Should the annexation proposal succeed, an estimated $200,000 of added revenue would go to the Española hospital, according to Madrid. He says Rio Arriba County wants to invest any additional money on public safety, roads and senior care in the area.
Ralph Sanchez, a retired welder who lives on the northern side of the county line, says Española has more in common, culturally, with Rio Arriba County than it does Santa Fe. "Rio Arriba should be Rio Arriba, man! Santa Fe is totally different," he says.
But Evon Garcia, a manager at Central Market, which is directly south of the border, says, "They should leave it the way it is." She added, "Rio Arriba is not very competent."

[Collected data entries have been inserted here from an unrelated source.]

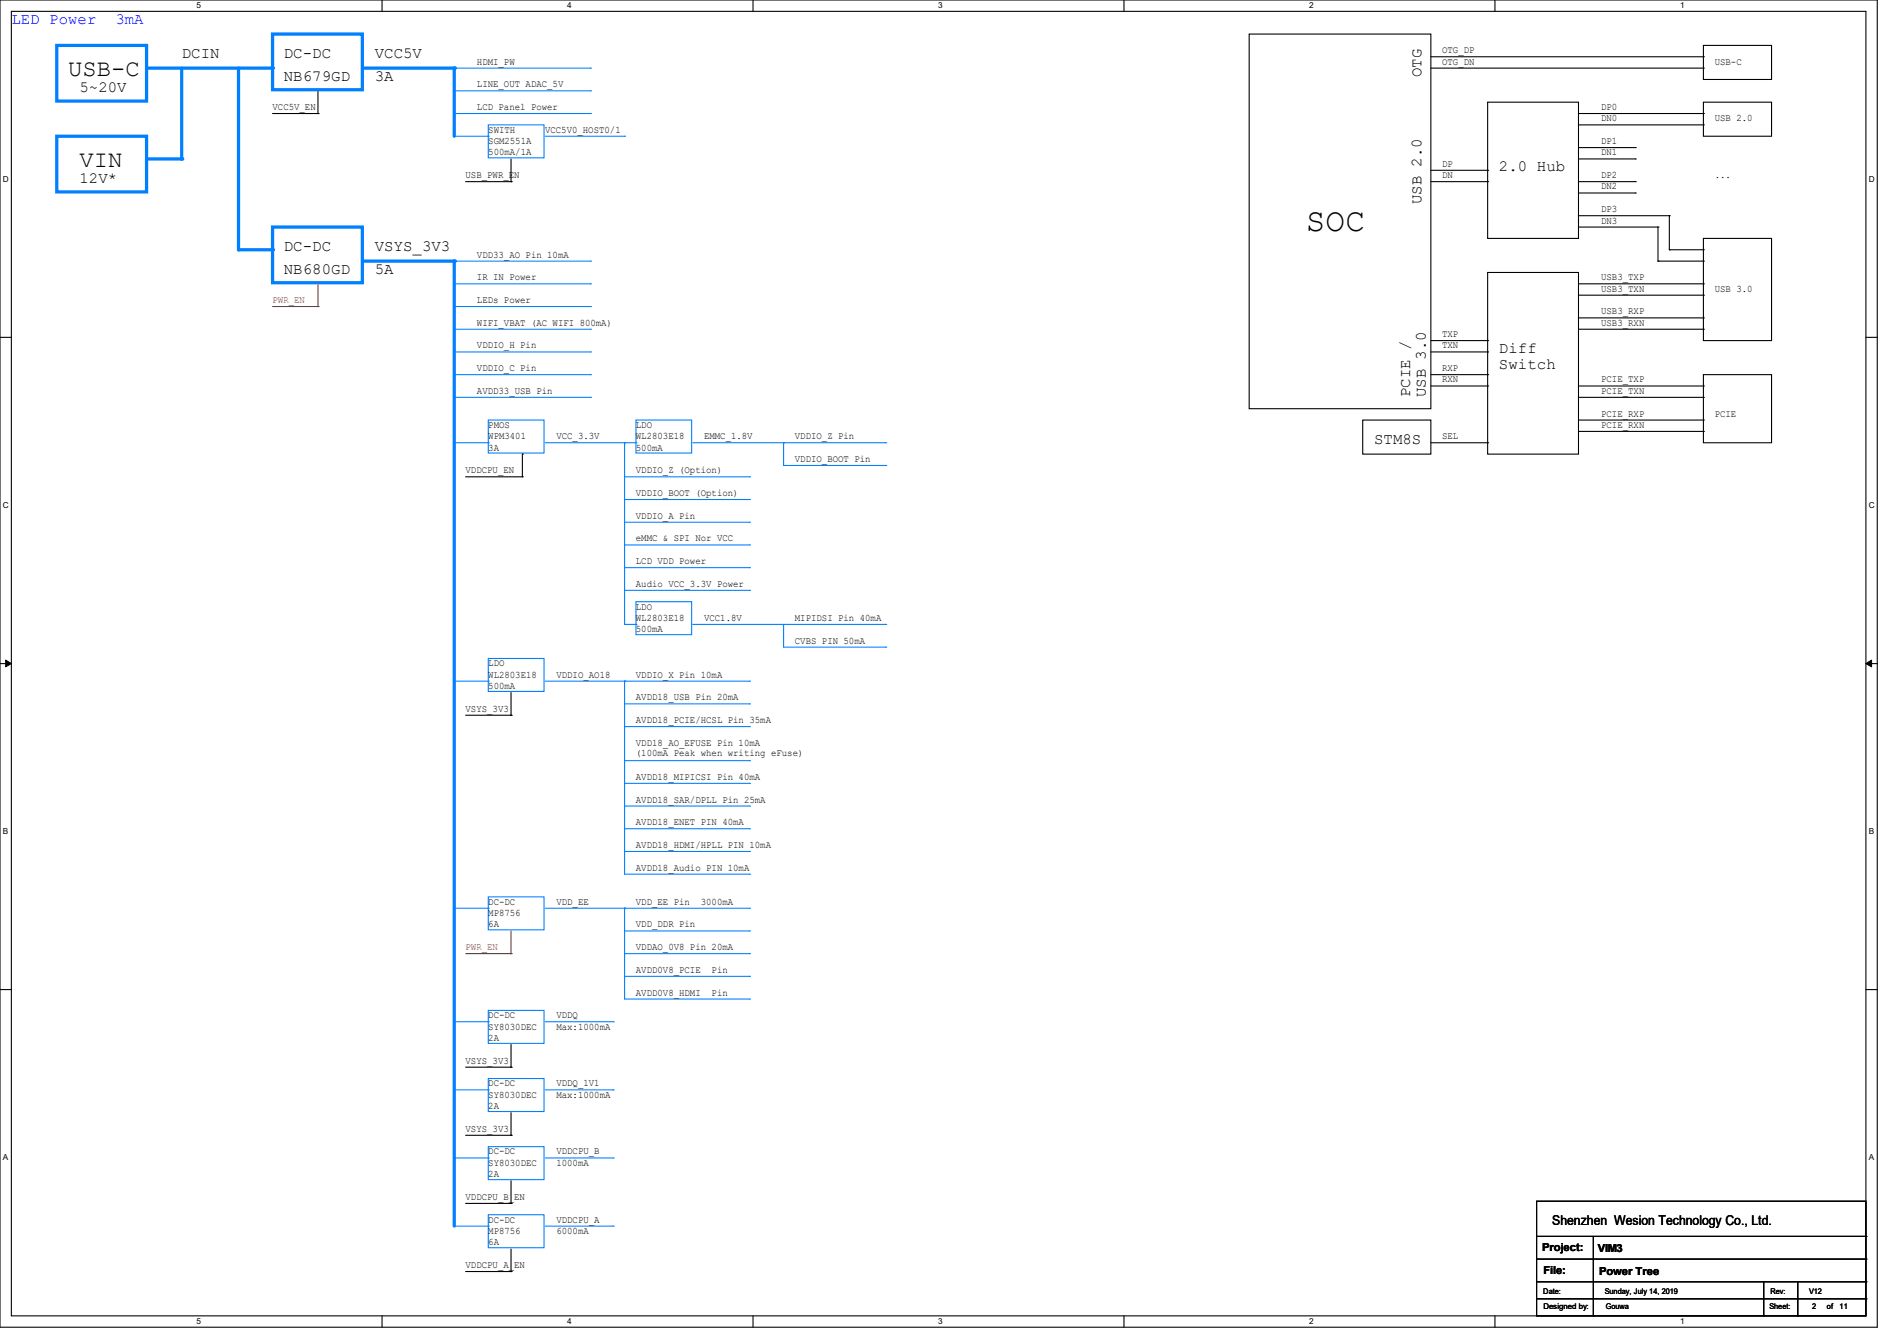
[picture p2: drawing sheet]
<svg xmlns="http://www.w3.org/2000/svg" width="297mm" height="210mm" viewBox="0 0 297 210" stroke-linecap="round" stroke-linejoin="round" font-family="sans-serif">
<path d="M0 0h293.9v207.9h-293.9zM1.8 1.8h290.3v204.3h-290.3z" fill="none" stroke="#000" stroke-width=".17"/>
<g fill="#fff">
<path d="M30.8 .2h.7v1.4h-.7z"/>
<path d="M30.8 206.2h.7v1.4h-.7z"/>
</g>
<path d="M59.8 0v1.8M59.8 206.1v1.8" fill="none" stroke="#000" stroke-width=".17"/>
<g fill="#fff">
<path d="M88.8 .2h.7v1.4h-.7z"/>
<path d="M88.8 206.2h.7v1.4h-.7z"/>
</g>
<path d="M117.9 0v1.8M117.9 206.1v1.8" fill="none" stroke="#000" stroke-width=".17"/>
<g fill="#fff">
<path d="M146.9 .2h.7v1.4h-.7z"/>
<path d="M146.9 206.2h.7v1.4h-.7z"/>
</g>
<path d="M176 0v1.8M176 206.1v1.8" fill="none" stroke="#000" stroke-width=".17"/>
<g fill="#fff">
<path d="M205 .2h.7v1.4h-.7z"/>
<path d="M205 206.2h.7v1.4h-.7z"/>
</g>
<path d="M234.1 0v1.8M234.1 206.1v1.8" fill="none" stroke="#000" stroke-width=".17"/>
<g fill="#fff">
<path d="M263.1 .2h.6v1.4h-.6z"/>
<path d="M263.1 206.2h.6v1.4h-.6z"/>
<path d="M.5 27.3h.9v1.4h-.9z"/>
<path d="M292.6 27.3h.9v1.4h-.9z"/>
<path d="M.5 78.4h.9v1.4h-.9z"/>
<path d="M292.6 78.4h.9v1.4h-.9z"/>
</g>
<path d="M0 52.8h1.8M292.1 52.8h1.8" fill="none" stroke="#000" stroke-width=".17"/>
<g fill="#fff">
<path d="M.5 129.5h.8v1.4h-.8z"/>
<path d="M292.6 129.5h.8v1.4h-.8z"/>
</g>
<path d="M0 103.9h1.8M292.1 103.9h1.8" fill="none" stroke="#000" stroke-width=".17"/>
<path d="M.9 103.4l.9 .5-.9 .5zM292.1 103.9l.9-.5v1z" fill="#000" stroke="#000" stroke-width=".16"/>
<g fill="#fff">
<path d="M.5 180.5h.8v1.4h-.8z"/>
<path d="M292.6 180.5h.8v1.4h-.8z"/>
</g>
<path d="M72.9 74.7h8.9M81.8 74.7h.1M0 155h1.8M292.1 155h1.8M80 167.1h.1M80 163.6v3.5" fill="none" stroke="#000" stroke-width=".17"/>
<path d="M85.3 69.3h14.3M97.8 69.3h.1M97.8 69.3v28.5M99.6 69.3h.1M122.7 69.3h.1M122.7 69.3v3.6h16M138.7 72.9h.1M71.1 106.7h5.4M76.5 106.7h.1M97.8 142.2h.1M97.8 142.2v14.3" fill="none" stroke="#0080ff" stroke-width=".17"/>
<path d="M71.1 40.9v151.1" fill="none" stroke="#0080ff" stroke-width=".51"/>
<circle cx="71.1" cy="40.9" r=".25" fill="#0080ff"/>
<path d="M85.3 106.7h12.5M97.8 106.7h.1M85.3 142.2h12.5M97.8 142.2h.1" fill="none" stroke="#0080ff" stroke-width=".17"/>
<path d="M71.1 10.7v10.6" fill="none" stroke="#0080ff" stroke-width=".51"/>
<circle cx="71.1" cy="10.7" r=".25" fill="#0080ff"/>
<g fill="none" stroke="#0080ff" stroke-width=".17">
<path d="M76.5 19.6h8.7v5.1h-8.7zM85.3 21.3h12.5M97.8 21.3h.1M71.1 40.9h21.4M71.1 44.4h21.4M71.1 48h21.4M71.1 51.6h21.4M71.1 55.1h21.4M71.1 58.7h21.4M92.5 40.9h.1M92.5 44.4h.1M92.5 48h.1"/>
<path d="M92.5 51.6h.1M92.5 55.1h.1M92.5 58.7h.1M71.1 62.2h21.4M76.5 65.8h8.7v5.2h-8.7zM92.5 62.2h.1M97.8 78.2h19.5M97.8 74.7h19.5M99.6 65.8h8.7v5.2h-8.7zM108.5 69.3h30.2M117.3 78.2h.1M117.3 74.7h.1"/>
<path d="M138.7 69.3h.1M97.8 97.8h1.8M97.8 92.5h19.5M97.8 88.9h19.5M97.8 85.3h19.5M97.8 81.8h19.5M99.6 94.2h8.7v5.2h-8.7zM99.6 97.8h.1M108.5 97.8h30.2M117.3 92.5h.1M117.3 88.9h.1M117.3 85.3h.1"/>
<path d="M117.3 81.8h.1M122.7 97.8h.1M122.7 97.8v3.5h16M138.7 97.8h.1M76.5 103.1h8.7v5.2h-8.7zM97.8 106.7h.1M97.8 106.7h19.5M97.8 110.2h19.5M97.8 113.8h19.5M97.8 119.1h19.5M97.8 106.7v30.2h19.5M117.3 106.7h.1"/>
<path d="M117.3 110.2h.1M117.3 113.8h.1M117.3 119.1h.1M138.7 101.3h.1M97.8 122.7h19.5M97.8 126.2h19.5M97.8 129.8h19.5M97.8 133.3h19.5M117.3 122.7h.1M117.3 126.2h.1M117.3 129.8h.1M117.3 133.3h.1"/>
<path d="M117.3 136.9h.1M71.1 142.2h5.4M76.5 140.5h8.7v5.1h-8.7zM76.5 158.2h8.7v5.2h-8.7zM76.5 142.2h.1M97.8 142.2h19.5M97.8 145.8h19.5M97.8 149.4h19.5M97.8 152.9h19.5M97.8 156.5h19.5M117.3 142.2h.1M117.3 145.8h.1"/>
<path d="M117.3 149.4h.1M117.3 152.9h.1M117.3 156.5h.1M71.1 160h5.4M71.1 170.7h5.4M76.5 168.9h8.7v5.2h-8.7zM76.5 179.6h8.7v5.1h-8.7zM76.5 160h.1M76.5 170.7h.1M85.3 160h10.7M85.3 170.7h10.7M96 160h.1"/>
<path d="M96 170.7h.1M71.1 181.4h5.4M71.1 192h5.4M76.5 190.2h8.7v5.2h-8.7zM76.5 181.4h.1M76.5 192h.1M85.3 181.4h10.7M85.3 192h10.7M96 181.4h.1M96 192h.1"/>
</g>
<g fill="none" stroke="#000" stroke-width=".17">
<path d="M42.7 17.8h7.1M49.8 17.8h.1M49.8 14.2v3.6M195.6 5.3h28.4v58.7h-28.4zM224 8.9h42.7M224 10.7h42.7M232.9 16h14.2v21.3h-14.2zM247.1 17.8h19.6M247.1 19.6h19.6M266.7 16h10.7v5.3h-10.7zM266.7 7.1h10.7v5.3h-10.7zM266.7 17.8h.1"/>
<path d="M266.7 19.6h.1M266.7 8.9h.1M266.7 10.7h.1M72.9 28.4h7.1M80 28.4h.1M80 24.9v3.5M224 26.7h8.9M224 28.4h8.9M232.9 26.7h.1M232.9 28.4h.1M247.1 28.4h8.9M247.1 23.1h8.9"/>
<path d="M247.1 24.9h8.9M247.1 30.2h8.9M247.1 33.8h14.3M247.1 35.6h12.5M256 23.1h.1M256 24.9h.1M256 28.4h.1M256 30.2h.1M259.6 35.6h.1M259.6 35.6v5.3M261.4 33.8h.1M261.4 39.1h.1"/>
<path d="M261.4 33.8v5.3M261.4 39.1h5.3M266.7 37.3h10.7v16h-10.7zM266.7 39.1h.1M224 53.3h8.9M224 55.1h8.9M224 58.7h8.9M232.9 42.7h14.2v28.4h-14.2zM232.9 53.3h.1M232.9 55.1h.1M232.9 58.7h.1M247.1 46.2h19.6"/>
<path d="M247.1 44.4h19.6M247.1 49.8h19.6M247.1 51.6h19.6M259.6 40.9h.1M259.6 40.9h7.1M266.7 58.7h10.7v10.6h-10.7zM266.7 40.9h.1M266.7 46.2h.1M266.7 44.4h.1M266.7 49.8h.1M266.7 51.6h.1M81.8 71.1h.1"/>
<path d="M81.8 71.1v3.6M213.4 65.8h10.6v5.3h-10.6zM224 60.5h8.9M224 69.3h8.9M232.9 60.5h.1M232.9 69.3h.1M247.1 60.5h19.6M247.1 62.2h19.6M247.1 65.8h19.6M247.1 67.6h19.6M266.7 60.5h.1M266.7 62.2h.1"/>
<path d="M266.7 65.8h.1M266.7 67.6h.1M72.9 167.1h7.1M72.9 177.8h7.1M80 167.1h.1M80 177.8h.1M80 174.2v3.6M72.9 188.5h7.1M72.9 199.1h7.1M80 188.5h.1M80 199.1h.1M80 184.9v3.6"/>
<path d="M80 195.6v3.5"/>
</g>
<path d="M56.9 40.9h14.2" fill="none" stroke="#0080ff" stroke-width=".51"/>
<circle cx="71.1" cy="40.9" r=".25" fill="#0080ff"/>
<path d="M56.9 10.7h14.2" fill="none" stroke="#0080ff" stroke-width=".51"/>
<circle cx="71.1" cy="10.7" r=".25" fill="#0080ff"/>
<path d="M8.9 7.1h14v8.7h-14zM23.1 10.7h19.6M42.7 5.3h14v8.8h-14zM8.9 21.3h14v8.8h-14zM42.7 35.6h14v8.7h-14z" fill="none" stroke="#0080ff" stroke-width=".51"/>
<circle cx="42.7" cy="10.7" r=".25" fill="#0080ff"/>
<path d="M23.1 24.9h5.3" fill="none" stroke="#0080ff" stroke-width=".51"/>
<circle cx="28.4" cy="24.9" r=".25" fill="#0080ff"/>
<path d="M37.3 39.1h5.4" fill="none" stroke="#0080ff" stroke-width=".51"/>
<circle cx="42.7" cy="39.1" r=".25" fill="#0080ff"/>
<path d="M28.4 10.7v14.2" fill="none" stroke="#0080ff" stroke-width=".51"/>
<circle cx="28.4" cy="24.9" r=".25" fill="#0080ff"/>
<path d="M37.3 10.7v28.4" fill="none" stroke="#0080ff" stroke-width=".51"/>
<circle cx="37.3" cy="39.1" r=".25" fill="#0080ff"/>
<path d="M71.1 10.7h21.4M71.1 14.2h21.4M71.1 17.8h21.4M92.5 10.7h.1M92.5 14.2h.1M92.5 17.8h.1M71.1 21.3h5.4M76.5 21.3h.1M71.1 69.3h5.4M76.5 69.3h.1" fill="none" stroke="#0080ff" stroke-width=".17"/>
<g fill="none" stroke="#000" stroke-width=".17">
<path d="M72.9 112h7.1M80 112h.1M80 108.5v3.5M240.6 188.1h51.5v18h-51.5zM240.6 193.6h51.5M240.6 197.2h51.5M249.5 193.6v12.5M292.1 193.6h.1M292.1 197.2h.1M240.6 200.7h51.5M240.6 203.4h51.5M249.5 206.1h.1"/>
<path d="M276.1 206.1h.1M276.1 200.7v5.4M281.5 206.1h.1M281.5 200.7v5.4M292.1 200.7h.1M292.1 203.4h.1"/>
</g>
<path d="M42.7 48h7.1M49.8 48h.1M49.8 44.4v3.6M72.9 149.4h7.1M80 149.4h.1M80 145.8v3.6" fill="none" stroke="#f00" stroke-width=".17"/>
<text font-size="5.1" x="204.5" y="36.1">SOC</text>
<g font-size="3.7">
<text x="10.7" y="11.9">USB-C</text>
<text x="12.4" y="26.1">VIN</text>
</g>
<g font-size="2.5" fill="#00f">
<text x="1.8" y="3.7">LED Power</text>
<text x="18.1" y="3.7">3mA</text>
</g>
<g font-size="2.5">
<text x="28.4" y="9.1">DCIN</text>
<text x="44.4" y="9.1">DC-DC</text>
<text x="58.7" y="9.1">VCC5V</text>
<text x="12.4" y="14.4">5~20V</text>
<text x="44.4" y="12.6">NB679GD</text>
<text x="58.7" y="12.6">3A</text>
<text x="222.6" y="12.1" transform="rotate(-90 222.6 12.1)">OTG</text>
<text x="12.4" y="28.6">12V*</text>
<text x="234.7" y="26.8">2.0 Hub</text>
<text x="222.6" y="32" transform="rotate(-90 222.6 32)">USB 2.0</text>
<text x="44.4" y="39.3">DC-DC</text>
<text x="58.7" y="39.3">VSYS_3V3</text>
<text x="44.4" y="42.8">NB680GD</text>
<text x="58.7" y="42.8">5A</text>
<text x="234.7" y="55.3">Diff</text>
<text x="234.7" y="57.7">Switch</text>
<text x="220.8" y="62.2" transform="rotate(-90 220.8 62.2)">PCIE /</text>
<text x="223.3" y="62.2" transform="rotate(-90 223.3 62.2)">USB 3.0</text>
<text x="215.1" y="69.5">STM8S</text>
</g>
<text font-size="2.1" x="243" y="191.9">Shenzhen Wesion Technology Co., Ltd.</text>
<g font-size="1.7">
<text x="241.5" y="196">Project:</text>
<text x="250.1" y="196.1">VIM3</text>
<text x="241.6" y="199.5">File:</text>
<text x="250.4" y="199.7">Power Tree</text>
</g>
<g font-size="1.6">
<text x="74.7" y="10.1">HDMI_PW</text>
<text x="225.8" y="8.3">OTG_DP</text>
<text x="225.8" y="10.1">OTG_DN</text>
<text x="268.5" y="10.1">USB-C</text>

Andrew Lujan, the owner and sole employee of Top Notch Barbershop, a business on the Santa Fe side of Española, agrees. "I feel that it's more fair to pay Santa Fe wages," he says. Santa Fe County recently increased its minimum wage to $10.66. When SFR mentioned taxes are lower on the other side of the county line, Lujan responded, "I've never thought about it like that, but it doesn't really bother me. I was brought up in Santa Fe County and I opened a business in Santa Fe County."